The asp.net-web-api-oauth-2.0-token-based-authentication from goldenqubicle

ASP.NET WEB API OAuth 2.0 Token Based Authentication

What is token:

Access token is piece of data which is created by server, and used to identify the certain user of given application, and it is used to access particular resource on the server.

Bearer Token Type:

The access token type provides the client with the information required to successfully utilize the access token to make a protected resource request (along with type-specific attributes). The client MUST NOT use an access token if it does not understand the token type. In this example we are using token of type "Bearer" A certain type of token, with the property that anyone can use the token, and it is commonly used. Bearer can be simply understood as "give access to the Bearer of this token." It is recommended to use Bearer token over https, with short expiration time.
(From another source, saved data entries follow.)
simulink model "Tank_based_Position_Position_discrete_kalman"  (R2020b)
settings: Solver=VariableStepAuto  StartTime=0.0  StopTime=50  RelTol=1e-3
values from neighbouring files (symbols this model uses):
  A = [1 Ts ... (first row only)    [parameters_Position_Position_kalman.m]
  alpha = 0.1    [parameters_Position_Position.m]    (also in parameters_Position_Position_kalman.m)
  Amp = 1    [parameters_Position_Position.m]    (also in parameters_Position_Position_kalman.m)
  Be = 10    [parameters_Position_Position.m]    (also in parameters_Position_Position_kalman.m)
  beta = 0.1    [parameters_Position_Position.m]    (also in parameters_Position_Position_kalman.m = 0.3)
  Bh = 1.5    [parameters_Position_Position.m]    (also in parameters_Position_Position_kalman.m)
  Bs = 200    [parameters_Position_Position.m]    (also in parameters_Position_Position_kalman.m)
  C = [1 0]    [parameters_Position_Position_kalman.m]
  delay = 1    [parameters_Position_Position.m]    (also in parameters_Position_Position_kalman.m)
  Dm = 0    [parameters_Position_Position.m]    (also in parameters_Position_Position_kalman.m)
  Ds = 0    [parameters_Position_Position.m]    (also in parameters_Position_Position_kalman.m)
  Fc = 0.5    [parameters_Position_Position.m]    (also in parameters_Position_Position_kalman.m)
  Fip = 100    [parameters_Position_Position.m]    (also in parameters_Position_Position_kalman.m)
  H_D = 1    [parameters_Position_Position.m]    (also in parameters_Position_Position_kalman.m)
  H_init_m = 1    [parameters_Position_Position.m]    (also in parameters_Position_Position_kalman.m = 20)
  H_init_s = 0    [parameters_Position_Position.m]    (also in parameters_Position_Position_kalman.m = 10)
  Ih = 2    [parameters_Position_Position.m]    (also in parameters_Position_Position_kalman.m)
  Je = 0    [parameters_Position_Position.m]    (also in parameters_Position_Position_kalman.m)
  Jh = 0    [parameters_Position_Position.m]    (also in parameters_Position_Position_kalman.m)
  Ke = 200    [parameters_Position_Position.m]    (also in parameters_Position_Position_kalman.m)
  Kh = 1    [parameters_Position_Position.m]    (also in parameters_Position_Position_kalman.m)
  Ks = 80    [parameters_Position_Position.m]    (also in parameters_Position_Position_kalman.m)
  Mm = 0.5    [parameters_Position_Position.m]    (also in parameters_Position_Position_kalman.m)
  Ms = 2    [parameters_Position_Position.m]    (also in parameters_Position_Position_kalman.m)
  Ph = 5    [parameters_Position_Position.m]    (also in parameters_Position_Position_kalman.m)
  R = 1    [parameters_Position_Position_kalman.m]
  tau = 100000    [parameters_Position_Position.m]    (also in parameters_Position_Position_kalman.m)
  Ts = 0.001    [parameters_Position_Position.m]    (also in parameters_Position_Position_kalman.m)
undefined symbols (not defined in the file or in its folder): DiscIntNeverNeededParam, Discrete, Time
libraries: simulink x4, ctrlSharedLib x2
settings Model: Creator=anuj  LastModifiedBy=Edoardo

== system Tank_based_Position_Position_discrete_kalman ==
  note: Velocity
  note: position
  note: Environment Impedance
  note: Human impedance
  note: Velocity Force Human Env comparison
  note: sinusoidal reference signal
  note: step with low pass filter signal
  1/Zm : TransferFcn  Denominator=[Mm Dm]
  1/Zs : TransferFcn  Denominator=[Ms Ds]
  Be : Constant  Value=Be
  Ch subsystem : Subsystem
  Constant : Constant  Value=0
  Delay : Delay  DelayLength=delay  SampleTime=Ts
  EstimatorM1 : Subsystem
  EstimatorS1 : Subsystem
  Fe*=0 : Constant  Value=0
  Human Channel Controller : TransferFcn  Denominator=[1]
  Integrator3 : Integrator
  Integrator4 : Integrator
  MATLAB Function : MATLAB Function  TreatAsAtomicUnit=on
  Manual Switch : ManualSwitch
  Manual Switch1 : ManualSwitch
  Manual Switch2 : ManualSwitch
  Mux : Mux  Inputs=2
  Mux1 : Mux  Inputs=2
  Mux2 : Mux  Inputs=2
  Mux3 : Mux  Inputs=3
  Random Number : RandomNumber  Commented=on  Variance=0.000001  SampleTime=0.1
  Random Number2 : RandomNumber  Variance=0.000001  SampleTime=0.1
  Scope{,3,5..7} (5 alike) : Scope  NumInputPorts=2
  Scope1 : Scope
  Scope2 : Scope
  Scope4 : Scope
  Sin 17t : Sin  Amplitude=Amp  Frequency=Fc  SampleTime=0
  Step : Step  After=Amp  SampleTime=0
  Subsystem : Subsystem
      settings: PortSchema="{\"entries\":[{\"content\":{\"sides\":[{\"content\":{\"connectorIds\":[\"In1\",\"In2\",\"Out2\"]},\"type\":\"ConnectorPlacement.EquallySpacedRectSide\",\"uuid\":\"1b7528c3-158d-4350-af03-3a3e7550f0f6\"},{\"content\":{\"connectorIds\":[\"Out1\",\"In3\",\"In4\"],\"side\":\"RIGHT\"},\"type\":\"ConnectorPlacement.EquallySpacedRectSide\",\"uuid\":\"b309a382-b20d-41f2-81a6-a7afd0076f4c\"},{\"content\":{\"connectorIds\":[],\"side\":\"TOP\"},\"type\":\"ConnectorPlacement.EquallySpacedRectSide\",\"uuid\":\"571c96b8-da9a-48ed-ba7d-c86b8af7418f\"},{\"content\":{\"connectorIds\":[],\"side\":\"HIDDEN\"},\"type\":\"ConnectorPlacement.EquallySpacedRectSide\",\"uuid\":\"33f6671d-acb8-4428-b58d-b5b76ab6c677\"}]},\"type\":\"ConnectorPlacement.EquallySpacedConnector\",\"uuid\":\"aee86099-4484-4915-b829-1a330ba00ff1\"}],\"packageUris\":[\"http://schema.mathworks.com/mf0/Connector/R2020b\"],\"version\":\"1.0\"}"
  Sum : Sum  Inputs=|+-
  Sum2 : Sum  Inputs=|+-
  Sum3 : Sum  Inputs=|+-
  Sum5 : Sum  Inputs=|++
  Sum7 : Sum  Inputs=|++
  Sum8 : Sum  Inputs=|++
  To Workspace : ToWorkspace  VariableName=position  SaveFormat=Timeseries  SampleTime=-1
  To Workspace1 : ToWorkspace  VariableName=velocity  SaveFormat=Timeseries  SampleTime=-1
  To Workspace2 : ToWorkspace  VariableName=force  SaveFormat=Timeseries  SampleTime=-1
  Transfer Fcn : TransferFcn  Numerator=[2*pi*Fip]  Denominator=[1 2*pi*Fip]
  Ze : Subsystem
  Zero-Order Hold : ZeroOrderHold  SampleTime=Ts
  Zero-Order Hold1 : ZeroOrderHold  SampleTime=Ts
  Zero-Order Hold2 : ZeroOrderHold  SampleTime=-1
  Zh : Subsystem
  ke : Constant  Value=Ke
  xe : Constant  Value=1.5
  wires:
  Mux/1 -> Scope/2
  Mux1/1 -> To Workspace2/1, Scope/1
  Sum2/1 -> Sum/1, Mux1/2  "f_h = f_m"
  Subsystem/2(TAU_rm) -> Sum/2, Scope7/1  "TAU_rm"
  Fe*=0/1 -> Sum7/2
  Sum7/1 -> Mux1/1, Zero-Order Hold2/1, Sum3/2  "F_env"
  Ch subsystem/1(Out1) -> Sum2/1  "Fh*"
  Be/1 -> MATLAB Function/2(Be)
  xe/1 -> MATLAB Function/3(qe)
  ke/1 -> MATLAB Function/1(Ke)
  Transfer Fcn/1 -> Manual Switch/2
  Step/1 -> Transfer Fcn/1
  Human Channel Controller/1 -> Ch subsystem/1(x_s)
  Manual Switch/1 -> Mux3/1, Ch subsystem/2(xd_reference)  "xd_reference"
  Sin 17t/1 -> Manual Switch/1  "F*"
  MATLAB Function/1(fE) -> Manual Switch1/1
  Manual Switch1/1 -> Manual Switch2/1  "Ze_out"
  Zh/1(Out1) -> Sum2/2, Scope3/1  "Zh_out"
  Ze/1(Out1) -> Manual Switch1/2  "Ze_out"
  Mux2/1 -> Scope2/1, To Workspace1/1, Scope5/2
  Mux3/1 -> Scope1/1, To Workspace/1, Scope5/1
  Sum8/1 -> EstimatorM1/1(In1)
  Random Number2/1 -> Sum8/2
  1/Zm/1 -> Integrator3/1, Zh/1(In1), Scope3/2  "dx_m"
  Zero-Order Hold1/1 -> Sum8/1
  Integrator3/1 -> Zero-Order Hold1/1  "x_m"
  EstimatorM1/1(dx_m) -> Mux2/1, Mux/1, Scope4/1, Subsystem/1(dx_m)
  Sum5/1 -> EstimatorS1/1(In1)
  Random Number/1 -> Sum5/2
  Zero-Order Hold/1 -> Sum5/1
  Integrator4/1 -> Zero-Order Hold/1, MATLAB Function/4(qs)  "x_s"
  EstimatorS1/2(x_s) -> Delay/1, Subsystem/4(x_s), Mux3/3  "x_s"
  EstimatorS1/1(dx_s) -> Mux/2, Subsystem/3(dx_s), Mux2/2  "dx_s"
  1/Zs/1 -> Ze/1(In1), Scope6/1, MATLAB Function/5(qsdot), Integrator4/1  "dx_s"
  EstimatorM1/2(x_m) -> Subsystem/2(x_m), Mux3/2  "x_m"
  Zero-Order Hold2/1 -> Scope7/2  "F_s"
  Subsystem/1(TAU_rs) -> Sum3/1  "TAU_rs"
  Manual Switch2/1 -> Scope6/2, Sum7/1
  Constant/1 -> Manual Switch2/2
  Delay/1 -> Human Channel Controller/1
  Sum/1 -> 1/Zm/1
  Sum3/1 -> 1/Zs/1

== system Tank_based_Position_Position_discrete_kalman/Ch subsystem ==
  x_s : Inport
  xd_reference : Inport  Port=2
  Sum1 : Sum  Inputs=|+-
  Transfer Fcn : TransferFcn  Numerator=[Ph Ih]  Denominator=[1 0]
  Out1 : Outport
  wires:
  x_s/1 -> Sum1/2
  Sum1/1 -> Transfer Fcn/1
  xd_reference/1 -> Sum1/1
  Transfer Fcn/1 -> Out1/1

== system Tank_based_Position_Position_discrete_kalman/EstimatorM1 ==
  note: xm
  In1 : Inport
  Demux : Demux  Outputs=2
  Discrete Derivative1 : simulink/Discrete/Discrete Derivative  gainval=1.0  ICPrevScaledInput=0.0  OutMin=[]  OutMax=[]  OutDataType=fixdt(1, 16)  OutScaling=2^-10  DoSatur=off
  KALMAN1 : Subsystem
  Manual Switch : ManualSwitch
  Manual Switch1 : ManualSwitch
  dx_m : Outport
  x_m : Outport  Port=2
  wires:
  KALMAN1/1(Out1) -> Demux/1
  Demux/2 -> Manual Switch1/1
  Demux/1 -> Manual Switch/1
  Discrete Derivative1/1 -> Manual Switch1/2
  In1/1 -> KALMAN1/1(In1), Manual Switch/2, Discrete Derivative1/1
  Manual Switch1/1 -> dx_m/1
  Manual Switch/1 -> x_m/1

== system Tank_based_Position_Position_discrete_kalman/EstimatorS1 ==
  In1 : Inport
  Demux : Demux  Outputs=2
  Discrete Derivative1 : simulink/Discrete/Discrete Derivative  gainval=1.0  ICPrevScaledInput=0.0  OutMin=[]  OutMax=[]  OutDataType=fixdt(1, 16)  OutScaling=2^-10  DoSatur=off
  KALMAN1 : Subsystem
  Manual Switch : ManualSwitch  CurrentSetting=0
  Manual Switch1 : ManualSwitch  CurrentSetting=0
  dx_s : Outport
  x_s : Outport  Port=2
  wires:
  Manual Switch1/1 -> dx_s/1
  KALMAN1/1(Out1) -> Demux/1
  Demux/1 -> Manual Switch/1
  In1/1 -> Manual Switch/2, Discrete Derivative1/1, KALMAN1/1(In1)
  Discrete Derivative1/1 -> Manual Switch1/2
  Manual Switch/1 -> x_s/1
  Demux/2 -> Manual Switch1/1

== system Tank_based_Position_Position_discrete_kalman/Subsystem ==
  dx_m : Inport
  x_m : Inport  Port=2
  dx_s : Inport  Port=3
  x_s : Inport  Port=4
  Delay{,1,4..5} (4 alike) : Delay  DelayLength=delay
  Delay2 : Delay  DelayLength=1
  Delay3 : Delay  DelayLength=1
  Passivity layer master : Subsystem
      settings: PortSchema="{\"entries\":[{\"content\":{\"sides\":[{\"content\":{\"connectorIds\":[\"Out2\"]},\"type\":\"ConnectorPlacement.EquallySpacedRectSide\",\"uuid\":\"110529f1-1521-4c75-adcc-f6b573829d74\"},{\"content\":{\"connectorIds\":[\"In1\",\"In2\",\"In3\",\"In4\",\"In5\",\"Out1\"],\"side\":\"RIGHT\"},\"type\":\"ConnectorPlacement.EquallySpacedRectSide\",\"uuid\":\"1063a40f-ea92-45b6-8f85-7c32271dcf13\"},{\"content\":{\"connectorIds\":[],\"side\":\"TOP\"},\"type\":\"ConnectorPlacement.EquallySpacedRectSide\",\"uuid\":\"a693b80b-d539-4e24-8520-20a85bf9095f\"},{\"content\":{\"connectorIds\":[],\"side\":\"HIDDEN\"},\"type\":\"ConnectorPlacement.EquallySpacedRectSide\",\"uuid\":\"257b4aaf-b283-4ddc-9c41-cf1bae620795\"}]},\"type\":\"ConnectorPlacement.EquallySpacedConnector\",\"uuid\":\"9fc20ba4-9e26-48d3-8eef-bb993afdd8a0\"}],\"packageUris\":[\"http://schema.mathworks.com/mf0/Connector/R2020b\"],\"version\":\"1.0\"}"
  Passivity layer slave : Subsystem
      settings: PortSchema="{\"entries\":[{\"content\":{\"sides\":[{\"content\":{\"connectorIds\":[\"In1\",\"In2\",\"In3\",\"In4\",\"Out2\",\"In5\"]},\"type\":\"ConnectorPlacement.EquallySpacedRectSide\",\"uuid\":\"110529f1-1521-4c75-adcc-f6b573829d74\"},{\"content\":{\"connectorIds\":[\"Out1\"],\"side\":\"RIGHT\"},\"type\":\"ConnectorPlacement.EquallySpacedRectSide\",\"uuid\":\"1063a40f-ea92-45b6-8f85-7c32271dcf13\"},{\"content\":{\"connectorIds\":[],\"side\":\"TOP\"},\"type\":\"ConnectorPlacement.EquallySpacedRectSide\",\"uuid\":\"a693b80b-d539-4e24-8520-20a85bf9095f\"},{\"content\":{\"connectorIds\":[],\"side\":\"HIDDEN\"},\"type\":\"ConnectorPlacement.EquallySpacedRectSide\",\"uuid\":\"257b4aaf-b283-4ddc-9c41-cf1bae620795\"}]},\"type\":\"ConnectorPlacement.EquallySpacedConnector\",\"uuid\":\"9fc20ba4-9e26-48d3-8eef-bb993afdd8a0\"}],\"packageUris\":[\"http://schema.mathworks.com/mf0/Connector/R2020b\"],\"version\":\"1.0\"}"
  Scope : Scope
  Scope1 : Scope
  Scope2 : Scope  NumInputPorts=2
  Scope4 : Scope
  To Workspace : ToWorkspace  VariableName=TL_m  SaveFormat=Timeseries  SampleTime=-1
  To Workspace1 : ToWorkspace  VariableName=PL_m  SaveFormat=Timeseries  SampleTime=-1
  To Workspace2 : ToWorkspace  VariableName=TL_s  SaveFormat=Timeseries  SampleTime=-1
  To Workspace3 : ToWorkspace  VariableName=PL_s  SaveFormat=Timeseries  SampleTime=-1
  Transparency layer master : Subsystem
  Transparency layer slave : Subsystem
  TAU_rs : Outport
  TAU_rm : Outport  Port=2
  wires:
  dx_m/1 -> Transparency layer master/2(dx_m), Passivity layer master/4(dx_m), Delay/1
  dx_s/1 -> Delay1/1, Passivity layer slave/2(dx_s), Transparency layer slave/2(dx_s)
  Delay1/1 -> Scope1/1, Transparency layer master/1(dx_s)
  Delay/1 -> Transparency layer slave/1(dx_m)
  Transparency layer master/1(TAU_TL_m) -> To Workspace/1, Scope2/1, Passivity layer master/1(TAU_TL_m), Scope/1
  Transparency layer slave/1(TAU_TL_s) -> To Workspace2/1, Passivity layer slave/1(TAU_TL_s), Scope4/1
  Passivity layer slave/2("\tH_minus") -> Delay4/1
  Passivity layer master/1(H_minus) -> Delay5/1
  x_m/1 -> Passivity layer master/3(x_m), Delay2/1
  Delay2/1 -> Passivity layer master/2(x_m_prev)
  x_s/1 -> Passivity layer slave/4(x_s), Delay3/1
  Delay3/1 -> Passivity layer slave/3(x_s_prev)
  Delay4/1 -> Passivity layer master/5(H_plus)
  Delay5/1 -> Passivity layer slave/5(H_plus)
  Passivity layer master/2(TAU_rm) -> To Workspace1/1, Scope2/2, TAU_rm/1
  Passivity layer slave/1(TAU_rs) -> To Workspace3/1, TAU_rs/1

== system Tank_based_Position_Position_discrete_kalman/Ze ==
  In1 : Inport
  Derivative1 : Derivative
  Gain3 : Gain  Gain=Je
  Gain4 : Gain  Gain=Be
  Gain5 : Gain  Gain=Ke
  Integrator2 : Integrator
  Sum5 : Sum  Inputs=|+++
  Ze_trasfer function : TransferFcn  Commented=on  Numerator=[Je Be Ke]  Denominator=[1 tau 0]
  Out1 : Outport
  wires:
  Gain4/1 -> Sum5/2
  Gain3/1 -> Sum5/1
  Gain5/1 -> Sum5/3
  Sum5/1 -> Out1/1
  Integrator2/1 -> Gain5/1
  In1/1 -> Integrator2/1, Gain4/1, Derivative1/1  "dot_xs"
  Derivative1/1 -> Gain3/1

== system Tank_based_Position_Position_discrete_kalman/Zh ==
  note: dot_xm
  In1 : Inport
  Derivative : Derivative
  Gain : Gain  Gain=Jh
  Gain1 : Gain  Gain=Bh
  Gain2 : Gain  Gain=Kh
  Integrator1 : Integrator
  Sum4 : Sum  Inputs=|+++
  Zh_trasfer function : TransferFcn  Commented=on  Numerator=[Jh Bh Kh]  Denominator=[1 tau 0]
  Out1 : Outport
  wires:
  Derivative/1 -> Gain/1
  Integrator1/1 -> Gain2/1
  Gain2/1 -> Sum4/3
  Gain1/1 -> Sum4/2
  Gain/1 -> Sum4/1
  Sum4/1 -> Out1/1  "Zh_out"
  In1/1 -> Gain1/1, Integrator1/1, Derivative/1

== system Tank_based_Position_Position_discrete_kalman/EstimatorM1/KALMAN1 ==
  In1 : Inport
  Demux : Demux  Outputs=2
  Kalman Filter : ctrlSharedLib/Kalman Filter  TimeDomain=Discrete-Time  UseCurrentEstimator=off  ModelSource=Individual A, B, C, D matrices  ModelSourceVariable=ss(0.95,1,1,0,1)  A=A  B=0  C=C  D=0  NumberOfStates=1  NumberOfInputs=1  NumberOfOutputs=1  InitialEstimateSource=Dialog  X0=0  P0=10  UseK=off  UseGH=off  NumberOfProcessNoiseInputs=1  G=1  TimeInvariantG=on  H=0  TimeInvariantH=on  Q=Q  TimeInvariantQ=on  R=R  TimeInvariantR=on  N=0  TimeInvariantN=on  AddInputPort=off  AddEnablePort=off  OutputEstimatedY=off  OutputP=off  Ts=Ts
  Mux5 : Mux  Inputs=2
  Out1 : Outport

Why token based authentication instead of cookie based:

Cookies:

Sent with every request
Usually supported in browsers
Difficult to use cross domain
Prone to CSRF

Token:

Can be used by hetrogneous clients (browsers, native mobile app etc.)
Work cross domain
Scalable (no overhead in using web farm when new server is added)
Offer more control
Loosly Coupled

Demo Application (Server Side/Back End):

Open VS 2017
File -> Project -> Web -> ASP.NET Web Application

Authorization Server Configuration:

App_Start-> startup.cs partial class has the configration code as following:

PublicClientId = "self";
OAuthOptions = new OAuthAuthorizationServerOptions
{
    TokenEndpointPath = new PathString("/Token"),
    Provider = new ApplicationOAuthProvider(PublicClientId),
    AuthorizeEndpointPath = new PathString("/api/Account/ExternalLogin"),
    AccessTokenExpireTimeSpan = TimeSpan.FromDays(14),
    // Note: Remove the following line before you deploy to production:
    AllowInsecureHttp = true
}

// Enable the application to use bearer tokens to authenticate users
app.UseOAuthBearerTokens(OAuthOptions);

The TokenEndpointPath property is the URL path to the authorization server endpoint. That's the URL that app uses to get the bearer tokens.

The Provider property specifies a provider that plugs into the OWIN middleware, and processes events raised by the middleware.

Here is the basic flow when the app wants to get a token:

To get an access token, the app sends a request to ~/Token.
The OAuth middleware calls GrantResourceOwnerCredentials on the provider.
The provider calls the ApplicationUserManager to validate the credentials and create a claims identity.
If that succeeds, the provider creates an authentication ticket, which is used to generate the token.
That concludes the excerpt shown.